◆ Dataset items ◆
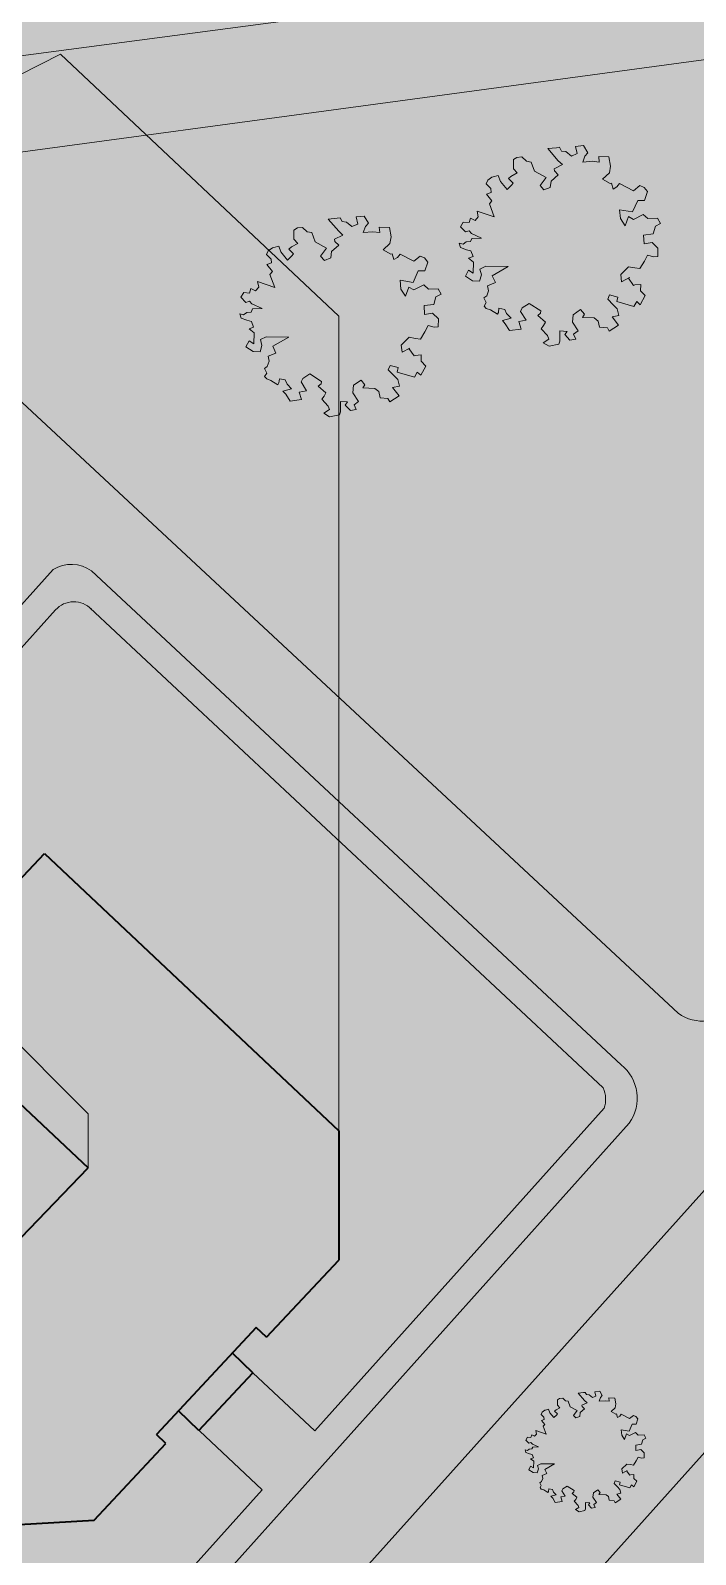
# Model space of a CAD drawing. Header units: millimetres. Extents: x 145836 to 266027, y 108786 to 206069.
# Drawn here: x 172898 to 176025, y 135057 to 142221 of the extents above; entities that cross this region are included whole.
import ezdxf

# ---------------------------------------------------------------- set-up
doc = ezdxf.new("R2010")
doc.units = ezdxf.units.MM
doc.layers.get('0').update_dxf_attribs({"color": 250})

msp = doc.modelspace()

# ---------------------------------------------------------------- hatches: boundary and pattern name
at = {"lineweight": 20}
h = msp.add_hatch(color=254, dxfattribs=at)
h.paths.add_polyline_path([(182278.5, 146160.2), (181878.6, 146108.3), (181928.5, 145721.4, -0.364346), (181575.3, 145236.7), (177116.9, 144658.3, -0.403942), (176549.4, 145019.9), (176499.1, 145410.3), (176089.4, 145357.2), (176158.1, 144825.4, -0.482087), (175879, 144497.7), (175697, 144474), (175697, 143509), (182278.5, 144364.1)])
h.paths.add_polyline_path([(179920, 143035.9), (175697, 142477.8), (175697, 142033), (179756.6, 142581.2, -0.656726), (180015.8, 141881), (176206.1, 137633.7, -0.39447), (175943, 137601.3), (175697, 137830.3), (175697, 137338.8, -0.354312), (175713.5, 137084.5), (175697, 137066), (175697, 136358.4), (180604.1, 141823.9, 0.608497)])
at = {"lineweight": 13, "true_color": 0xfcfcfc}
h = msp.add_hatch(color=7, dxfattribs=at)
h.set_gradient(color1=(194, 223, 180), color2=(197, 224, 184), centered=1, one_color=1, tint=0.8)
h.paths.add_polyline_path([(179772.6, 143016.4, -0.792677), (180445.3, 141647.1), (172659.1, 132974.9, 0.35594), (172704.3, 132663), (172922.2, 132467.6, 0.250858), (173333.5, 132488.7), (183710.9, 144062.1, 0.658834), (183475.1, 144519.6), (167837.7, 142487.8, 0.355396), (167538.1, 142088.4), (167590.2, 141702, 0.352882), (167946.2, 141453.4)])
at = {"lineweight": 20}
h = msp.add_hatch(color=254, dxfattribs=at)
h.paths.add_polyline_path([(175697, 144474), (172099.6, 144007.3), (172099.6, 143041.6), (175697, 143509)])
h.paths.add_polyline_path([(175697, 142477.8), (172099.6, 142002.4), (172099.6, 141631.6), (173039.9, 142109.5), (173444, 141728.7), (175697, 142033)])
h.paths.add_polyline_path([(174347.7, 139086.1), (174347.7, 138596.2), (175675, 137359.3, -0.037181), (175697, 137338.8), (175697, 137830.3)])
at = {"lineweight": 13, "true_color": 0xbad8b0}
h = msp.add_hatch(color=9, dxfattribs=at)
h.set_gradient(color1=(194, 223, 180), color2=(197, 224, 184), centered=1, one_color=1, tint=0.8)
h.paths.add_polyline_path([(173444, 141728.7), (174347.7, 140877.2), (174347.7, 139086.1), (175943, 137601.3, 0.39447), (176206.1, 137633.7), (180057.3, 141927.3, 0.739883), (179605.6, 142560.8)])
at = {"lineweight": 20}
for color, points in [(254, [(181035.7, 139601), (182278.5, 141001.1), (182278.5, 142464.5), (175697, 135124.6), (175697, 133586.2), (176304.3, 134270.4), (176304.3, 134932.2), (177639.1, 136496.1), (178003.6, 136184.9), (180372.5, 138853.8, -1.023015), (180804, 138473.8), (180565.5, 138203), (182278.5, 136682.6), (182278.5, 138215.1, -0.084876), (182154.8, 138252.5), (181117.3, 139166.1, -0.388619)]), (252, [(172544.1, 137754.3), (172398.9, 137600.2), (173169.5, 136874.1), (173169.5, 137128.9)]), (254, [(175697, 136358.4), (175697, 137066), (172227.1, 133197.5, -0.193156), (172099.6, 133129.2), (172099.6, 132318.1, -0.265254), (172367.1, 132291.4), (172586, 132095, -0.321125), (172547.9, 131611.9), (172099.6, 131112.1), (172099.6, 129531.2), (172925.3, 130461.5, -1.009439), (173351.8, 130075.8), (173113.3, 129804.9), (174909.4, 128210.7), (175169.7, 128506.4, -0.362662), (175564.3, 128515.5), (175697, 128398.7), (175697, 128974.7), (175560.3, 129095, -0.416186), (175528.4, 129545.6), (175697, 129741.5), (175697, 130405), (175194, 129826.8, -0.403859), (174775.1, 129786.4), (173621.2, 130802.4, -0.454124), (173572.9, 131193.3), (175697, 133586.2), (175697, 135124.6), (173333.5, 132488.7, -0.250858), (172922.2, 132467.6), (172708.7, 132659, -0.362633), (172659.1, 132974.9)])]:
    msp.add_hatch(color=color, dxfattribs=at).paths.add_polyline_path(points)
at = {"lineweight": 13}
h = msp.add_hatch(color=252, dxfattribs=at)
h.paths.add_polyline_path([(172641.8, 140673.9), (174347.7, 139086.1), (174347.7, 140877.2), (173444, 141728.7), (171995.6, 141533.1), (171995.6, 141067.4), (171740.4, 141307.8), (171489, 140730.8), (172165, 140822, -0.287312)])
h.paths.add_polyline_path([(173444, 141728.7), (173039.9, 142109.5), (171995.6, 141578.7), (171995.6, 141533.1)])
h.paths.add_polyline_path([(171489, 140730.8), (171272.5, 140233.9), (171272.5, 140117.7), (172324.8, 140259.6, -0.722331), (172478.2, 139980.5), (172071.6, 139527.2, -0.452865), (171785.2, 139520.3), (171549.1, 139742.8), (171272.5, 139434.4), (171272.5, 137755.7), (173005, 139687.3, -0.370887), (173212, 139654.5), (174347.7, 138596.2), (174347.7, 139086.1), (172641.8, 140673.9, -0.00065), (172642.6, 140673, 0.288015), (172165, 140822)])
h.paths.add_polyline_path([(171272.5, 140117.7), (171272.5, 139434.4), (171549.1, 139742.8), (171804.8, 139501.8, 0.390675), (172062.7, 139517.3), (172482.1, 139984.9, 0.673111), (172341, 140261.8)], flags=17)
h.paths.add_polyline_path([(173177.3, 139507.6, 0.404429), (173016.1, 139497.7), (171702.2, 138032.8), (172217.1, 137540.7), (172283.8, 137477.9), (172693.1, 137912.4), (172618.9, 137986.6), (172963.5, 138352.3), (174347.7, 137048), (174347.7, 138412.7)])
h.paths.add_polyline_path([(171962.4, 137270.3), (172217.1, 137540.7), (171702.2, 138032.8), (173014.7, 139496, -0.436472), (173185, 139500.5), (174347.7, 138412.7), (174347.7, 138596.2), (173184.5, 139680.1, 0.305524), (173005, 139687.3), (171272.5, 137755.7), (171272.5, 137553.7), (171453.7, 137755.7)])
h.paths.add_polyline_path([(171453.7, 137755.7), (171272.5, 137553.7), (171272.5, 136404.7), (172028.6, 137207.1), (171962, 137269.9), (171962.4, 137270.3)])
at = {"lineweight": 20, "true_color": 0xfff1c7}
msp.add_hatch(color=254, dxfattribs=at).paths.add_polyline_path([(171952.1, 135614.8), (171814.8, 135752.2), (170709.2, 134522.7), (169688.1, 135475.8, -0.350965), (169742.2, 135847.6), (171272.5, 137553.7), (171272.5, 137755.7), (169613.4, 135906, 0.029779), (169582.5, 135862.3), (169603.6, 135842.4), (169603.6, 135362), (171964, 133165.1, 0.374766), (172218.2, 133187.6), (175713.5, 137084.5, 0.396719), (175675, 137359.3), (174347.7, 138596.2), (174347.7, 138412.7), (175590.5, 137250.2, -0.195134), (175595.2, 137154.6), (174235.6, 135638.8), (173944.2, 135910.5), (173690.5, 135641.2), (173987, 135361.7), (172112.1, 133271.4, -0.357311), (172054.2, 133268.8), (170851.3, 134390)])
at = {"lineweight": 20}
h = msp.add_hatch(color=256, dxfattribs=at)
h.set_gradient(color1=(194, 223, 180), color2=(197, 224, 184), centered=1, one_color=1, tint=0.8)
h.paths.add_polyline_path([(174347.7, 138412.7), (174347.7, 137048), (174347.7, 136440.6), (174007.1, 136079.1), (173959.9, 136124.6), (173847.7, 136004.3), (173944.2, 135910.5), (174235.6, 135638.8), (175595.2, 137154.6, 0.195134), (175590.5, 137250.2)])
at = {"lineweight": 20, "true_color": 0xb5b5b5}
h = msp.add_hatch(color=253, dxfattribs=at)
h.paths.add_polyline_path([(173959.9, 136124.6), (174007.1, 136079.1), (174347.7, 136440.6), (174347.7, 137048), (172963.5, 138352.3), (172618.9, 137986.6), (172693.1, 137912.4), (172544.1, 137754.3), (173169.5, 137128.9), (173169.5, 136874.1), (172690.2, 136377.1), (171925.5, 137097.7), (171272.5, 136404.7), (172570.1, 135182), (173196.9, 135219.3), (173535.2, 135578.3), (173490.7, 135621.4)])
h.paths.add_polyline_path([(173169.5, 136874.1), (172398.9, 137600.2), (171925.5, 137097.7), (172690.2, 136377.1)], flags=16)
at = {"lineweight": 20}
h = msp.add_hatch(color=256, dxfattribs=at)
h.set_gradient(color1=(194, 223, 180), color2=(197, 224, 184), centered=1, one_color=1, tint=0.8)
h.paths.add_polyline_path([(171272.5, 136404.7), (171272.5, 137553.7), (169706.7, 135808.1, 0.302025), (169688.1, 135475.8), (170709.2, 134522.7), (171814.8, 135752.2), (171814.8, 135893.7)])
h.paths.add_polyline_path([(172024.8, 135695.8), (170851.3, 134390), (172054.2, 133268.8, 0.357311), (172112.1, 133271.4), (173987, 135361.7), (173690.5, 135641.2), (173689, 135639.7), (173594, 135732.1), (173490.7, 135621.4), (173535.2, 135578.3), (173196.9, 135219.3), (172570.1, 135182)])
at = {"lineweight": 40, "true_color": 0xb5b5b5}
msp.add_hatch(color=253, dxfattribs=at).paths.add_polyline_path([(173944.2, 135910.5), (173847.7, 136004.3), (173594, 135732.1), (173689, 135639.7)])

# ---------------------------------------------------------------- linework, layer by layer
at = {"lineweight": 20}
for p, q in [((173333.5, 132488.7), (183695.3, 144044.7)), ((167989, 141459.1), (179920, 143035.9)), ((168021.5, 140996.4), (179756.6, 142581.2)), ((172659.1, 132974.9), (180604.1, 141823.9)), ((175943, 137601.3), (172641.8, 140673.9)), ((169613.4, 135906), (173005, 139687.3)), ((173184.5, 139680.1), (175675, 137359.3)), ((171702.2, 138032.8), (173016.1, 139497.7)), ((175590.5, 137250.2), (173177.3, 139507.6)), ((174235.6, 135638.8), (175595.2, 137154.6)), ((172218.2, 133187.6), (175713.5, 137084.5)), ((174235.6, 135638.8), (173944.2, 135910.5)), ((173987, 135361.7), (173639.6, 135689.1)), ((172112.1, 133271.4), (173987, 135361.7))]:
    msp.add_line(p, q, dxfattribs=at)
at = {"color": 252, "lineweight": 13}
for p, q in [((171995.6, 141578.7), (173039.9, 142109.5)), ((173039.9, 142109.5), (174347.7, 140877.2))]:
    msp.add_line(p, q, dxfattribs=at)
at = {"lineweight": 13}
for p, q in [((175184.9, 141624.2), (175169, 141614.3)), ((175208.8, 141626.2), (175184.9, 141624.2)), ((175230.6, 141606.3), (175208.8, 141626.2)), ((175371.6, 141669.8), (175329.9, 141665.9)), ((175329.9, 141665.9), (175379.6, 141608.3)), ((175385.5, 141671.8), (175371.6, 141669.8)), ((175395.5, 141654), (175385.5, 141671.8)), ((175415.3, 141652), (175395.5, 141654)), ((175441.1, 141630.2), (175415.3, 141652)), ((175468.9, 141642.1), (175441.1, 141630.2)), ((175498.7, 141679.8), (175461, 141675.8)), ((175461, 141675.8), (175468.9, 141642.1)), ((175494.8, 141602.4), (175504.7, 141630.2)), ((175518.6, 141646), (175498.7, 141679.8)), ((175504.7, 141630.2), (175518.6, 141646)), ((175617.9, 141626.2), (175570.2, 141628.2)), ((175570.2, 141628.2), (175572.2, 141602.4)), ((175625.8, 141582.5), (175617.9, 141626.2)), ((175186.9, 141550.8), (175157.1, 141534.9)), ((175169, 141614.3), (175169, 141570.6)), ((175169, 141570.6), (175186.9, 141550.8)), ((175252.5, 141602.4), (175230.6, 141606.3)), ((175268.4, 141558.7), (175252.5, 141602.4)), ((175322, 141529), (175268.4, 141558.7)), ((175399.4, 141590.5), (175359.7, 141570.6)), ((175359.7, 141570.6), (175361.7, 141560.7)), ((175361.7, 141560.7), (175379.6, 141542.8)), ((175379.6, 141608.3), (175399.4, 141590.5)), ((175540.4, 141606.3), (175494.8, 141602.4)), ((175572.2, 141602.4), (175540.4, 141606.3)), ((175588.1, 141521), (175619.9, 141550.8)), ((175619.9, 141550.8), (175625.8, 141582.5)), ((175047.9, 141517), (175040, 141499.2)), ((175040, 141499.2), (175061.8, 141477.4)), ((175067.8, 141530.9), (175047.9, 141517)), ((175073.7, 141532.9), (175067.8, 141530.9)), ((175097.5, 141538.9), (175073.7, 141532.9)), ((175107.5, 141511.1), (175097.5, 141538.9)), ((175139.3, 141473.4), (175107.5, 141511.1)), ((175159.1, 141493.2), (175139.3, 141473.4)), ((175157.1, 141534.9), (175145.2, 141525)), ((175145.2, 141525), (175167.1, 141503.2)), ((175167.1, 141503.2), (175159.1, 141493.2)), ((175294.2, 141491.3), (175322, 141529)), ((175312, 141471.4), (175294.2, 141491.3)), ((175341.8, 141483.3), (175312, 141471.4)), ((175345.8, 141513.1), (175341.8, 141483.3)), ((175379.6, 141542.8), (175345.8, 141513.1)), ((175623.9, 141501.2), (175588.1, 141521)), ((175629.8, 141503.2), (175623.9, 141501.2)), ((175637.8, 141475.4), (175629.8, 141503.2)), ((175655.6, 141485.3), (175637.8, 141475.4)), ((175667.6, 141501.2), (175655.6, 141485.3)), ((175733.1, 141467.4), (175667.6, 141501.2)), ((175762.9, 141491.3), (175733.1, 141467.4)), ((175782.8, 141483.3), (175762.9, 141491.3)), ((175798.6, 141463.5), (175782.8, 141483.3)), ((175063.8, 141459.5), (175041.9, 141451.6)), ((175041.9, 141451.6), (175067.8, 141419.8)), ((175067.8, 141419.8), (175055.8, 141405.9)), ((175061.8, 141477.4), (175063.8, 141459.5)), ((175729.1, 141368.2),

◆ Instructions to follow ◆
Proceeding from the line containing "0.195134), (175590.5, 137250.2)])" through the line containing "135578.3), (173490.7, 135621.4)])", transcribe the lines above exactly, both end lines included.

◆ The answer ◆
h.paths.add_polyline_path([(174347.7, 138412.7), (174347.7, 137048), (174347.7, 136440.6), (174007.1, 136079.1), (173959.9, 136124.6), (173847.7, 136004.3), (173944.2, 135910.5), (174235.6, 135638.8), (175595.2, 137154.6, 0.195134), (175590.5, 137250.2)])
at = {"lineweight": 20, "true_color": 0xb5b5b5}
h = msp.add_hatch(color=253, dxfattribs=at)
h.paths.add_polyline_path([(173959.9, 136124.6), (174007.1, 136079.1), (174347.7, 136440.6), (174347.7, 137048), (172963.5, 138352.3), (172618.9, 137986.6), (172693.1, 137912.4), (172544.1, 137754.3), (173169.5, 137128.9), (173169.5, 136874.1), (172690.2, 136377.1), (171925.5, 137097.7), (171272.5, 136404.7), (172570.1, 135182), (173196.9, 135219.3), (173535.2, 135578.3), (173490.7, 135621.4)])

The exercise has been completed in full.